3. Value Notations

JTT supports three value notations (representations): decimal (dec), binary (bin) and hexadecimal (hex). The latter two are elaborated upon in this section, and decimal is just mentioned (since it is expected that you know how to use this).

Although JTT usually does not mind which you use, you must say which you are using by affixing its symbol, if any, with the data. The table below shows the notations and identifiers. These symbols are used through the Manual to avoid ambiguity.

Please Note

When entering values in any notation, it is not necessary to have a certain number of digits. E.g., (decimal) 00012 can be written 12. However, there are limits to the value that can be entered. JTT is predominantly 16-bit, so for each value entered, the minimum is 0 and the maximum 2^16 (i.e. a range of 0 to 65535 (decimal), $0 to $1111 1111 1111 1111 (binary) or 0x0 to 0xffff (hex).

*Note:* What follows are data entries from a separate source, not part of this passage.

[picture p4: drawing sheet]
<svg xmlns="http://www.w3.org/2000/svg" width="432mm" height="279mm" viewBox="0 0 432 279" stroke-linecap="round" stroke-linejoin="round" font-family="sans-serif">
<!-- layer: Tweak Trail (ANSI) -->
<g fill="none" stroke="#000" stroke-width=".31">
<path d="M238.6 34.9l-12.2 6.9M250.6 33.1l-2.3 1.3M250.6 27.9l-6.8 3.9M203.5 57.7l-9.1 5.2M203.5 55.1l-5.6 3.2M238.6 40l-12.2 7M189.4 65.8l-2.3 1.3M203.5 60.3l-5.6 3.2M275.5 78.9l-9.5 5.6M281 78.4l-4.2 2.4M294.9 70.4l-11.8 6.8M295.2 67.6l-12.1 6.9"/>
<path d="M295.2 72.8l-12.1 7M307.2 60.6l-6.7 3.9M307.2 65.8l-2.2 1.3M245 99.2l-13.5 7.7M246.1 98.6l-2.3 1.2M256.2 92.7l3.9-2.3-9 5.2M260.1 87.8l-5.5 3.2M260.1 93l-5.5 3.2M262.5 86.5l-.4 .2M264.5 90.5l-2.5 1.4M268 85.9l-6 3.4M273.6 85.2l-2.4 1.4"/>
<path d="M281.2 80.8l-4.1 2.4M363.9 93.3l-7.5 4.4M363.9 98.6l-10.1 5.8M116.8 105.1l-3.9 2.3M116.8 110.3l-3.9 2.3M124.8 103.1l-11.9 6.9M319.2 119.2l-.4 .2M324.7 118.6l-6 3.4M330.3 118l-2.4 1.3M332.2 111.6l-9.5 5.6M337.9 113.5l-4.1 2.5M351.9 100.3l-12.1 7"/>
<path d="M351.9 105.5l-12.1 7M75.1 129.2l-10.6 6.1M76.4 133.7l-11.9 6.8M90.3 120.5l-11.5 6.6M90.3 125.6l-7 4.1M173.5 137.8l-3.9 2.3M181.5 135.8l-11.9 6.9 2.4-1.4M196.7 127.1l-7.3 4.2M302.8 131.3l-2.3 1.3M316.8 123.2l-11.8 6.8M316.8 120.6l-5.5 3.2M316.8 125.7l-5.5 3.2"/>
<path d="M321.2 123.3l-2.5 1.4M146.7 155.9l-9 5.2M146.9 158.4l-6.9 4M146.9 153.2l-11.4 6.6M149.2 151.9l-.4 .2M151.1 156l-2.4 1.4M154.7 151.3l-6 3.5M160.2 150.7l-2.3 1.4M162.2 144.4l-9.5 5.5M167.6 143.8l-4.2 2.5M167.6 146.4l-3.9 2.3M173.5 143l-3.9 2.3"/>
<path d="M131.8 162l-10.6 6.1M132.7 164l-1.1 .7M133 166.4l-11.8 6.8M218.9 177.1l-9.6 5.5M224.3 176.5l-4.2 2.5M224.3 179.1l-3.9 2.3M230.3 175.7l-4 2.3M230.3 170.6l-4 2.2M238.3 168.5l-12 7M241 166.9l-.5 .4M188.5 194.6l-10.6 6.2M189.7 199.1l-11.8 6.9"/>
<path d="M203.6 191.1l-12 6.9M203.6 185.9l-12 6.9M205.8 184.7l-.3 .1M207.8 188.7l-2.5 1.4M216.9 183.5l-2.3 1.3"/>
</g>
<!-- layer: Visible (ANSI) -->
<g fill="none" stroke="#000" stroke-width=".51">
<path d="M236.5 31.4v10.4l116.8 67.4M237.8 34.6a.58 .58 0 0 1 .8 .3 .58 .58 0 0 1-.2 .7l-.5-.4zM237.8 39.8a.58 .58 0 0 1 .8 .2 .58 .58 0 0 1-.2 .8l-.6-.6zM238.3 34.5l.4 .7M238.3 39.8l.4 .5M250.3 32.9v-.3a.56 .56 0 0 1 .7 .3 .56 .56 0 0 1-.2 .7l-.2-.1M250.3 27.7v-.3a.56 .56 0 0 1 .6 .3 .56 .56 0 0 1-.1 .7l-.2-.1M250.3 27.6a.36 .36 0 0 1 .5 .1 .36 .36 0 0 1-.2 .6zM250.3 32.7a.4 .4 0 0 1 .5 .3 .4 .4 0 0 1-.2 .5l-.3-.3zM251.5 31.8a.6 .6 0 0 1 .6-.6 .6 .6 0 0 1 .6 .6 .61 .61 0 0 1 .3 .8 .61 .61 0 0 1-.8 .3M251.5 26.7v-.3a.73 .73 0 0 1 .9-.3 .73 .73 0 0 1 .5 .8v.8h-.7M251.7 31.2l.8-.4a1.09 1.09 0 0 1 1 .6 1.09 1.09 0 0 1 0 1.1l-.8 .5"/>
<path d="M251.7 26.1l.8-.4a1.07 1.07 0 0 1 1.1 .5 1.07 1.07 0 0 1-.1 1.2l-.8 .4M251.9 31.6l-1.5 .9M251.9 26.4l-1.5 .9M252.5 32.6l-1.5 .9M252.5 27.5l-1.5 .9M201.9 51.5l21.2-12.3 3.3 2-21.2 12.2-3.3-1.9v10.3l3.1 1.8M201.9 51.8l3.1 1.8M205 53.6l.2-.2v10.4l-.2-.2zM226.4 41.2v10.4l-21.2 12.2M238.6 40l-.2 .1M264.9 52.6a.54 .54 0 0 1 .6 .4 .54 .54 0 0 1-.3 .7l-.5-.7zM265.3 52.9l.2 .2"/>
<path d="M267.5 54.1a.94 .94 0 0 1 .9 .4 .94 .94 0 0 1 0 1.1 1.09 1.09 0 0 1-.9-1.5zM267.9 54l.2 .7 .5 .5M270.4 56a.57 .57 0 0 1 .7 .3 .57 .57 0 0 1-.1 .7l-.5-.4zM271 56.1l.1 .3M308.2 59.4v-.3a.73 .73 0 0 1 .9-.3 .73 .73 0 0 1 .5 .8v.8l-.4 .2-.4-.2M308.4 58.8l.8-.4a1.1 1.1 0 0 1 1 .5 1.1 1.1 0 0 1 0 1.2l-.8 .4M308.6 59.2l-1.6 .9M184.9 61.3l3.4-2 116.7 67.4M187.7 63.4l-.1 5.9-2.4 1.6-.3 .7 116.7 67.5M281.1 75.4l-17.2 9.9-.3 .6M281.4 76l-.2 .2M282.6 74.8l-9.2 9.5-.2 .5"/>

Sometimes, for clarity, large decimal values are separated by series of commas, and binary and hex values by spaces. However, it should be noted that they should be typed without such spacers, as if a fluent value, or the result will be a syntax error. Of course, decimal 00012 equals 12, whilst 12000 does not, since trailing digits denote ever increasing values. In the same way, remember that binary $001 equals $1 but not $100, and hex 0x0f equals 0xf but not 0xf0, for example.

Notation	Template	Example	Details
Decimal		123	This is the default, no symbol needed.
Binary	$	$01011	The dollar sign precedes binary values.
Hex	0x	0xff	'0x' precedes hex values. It is an old convention, used in many languages.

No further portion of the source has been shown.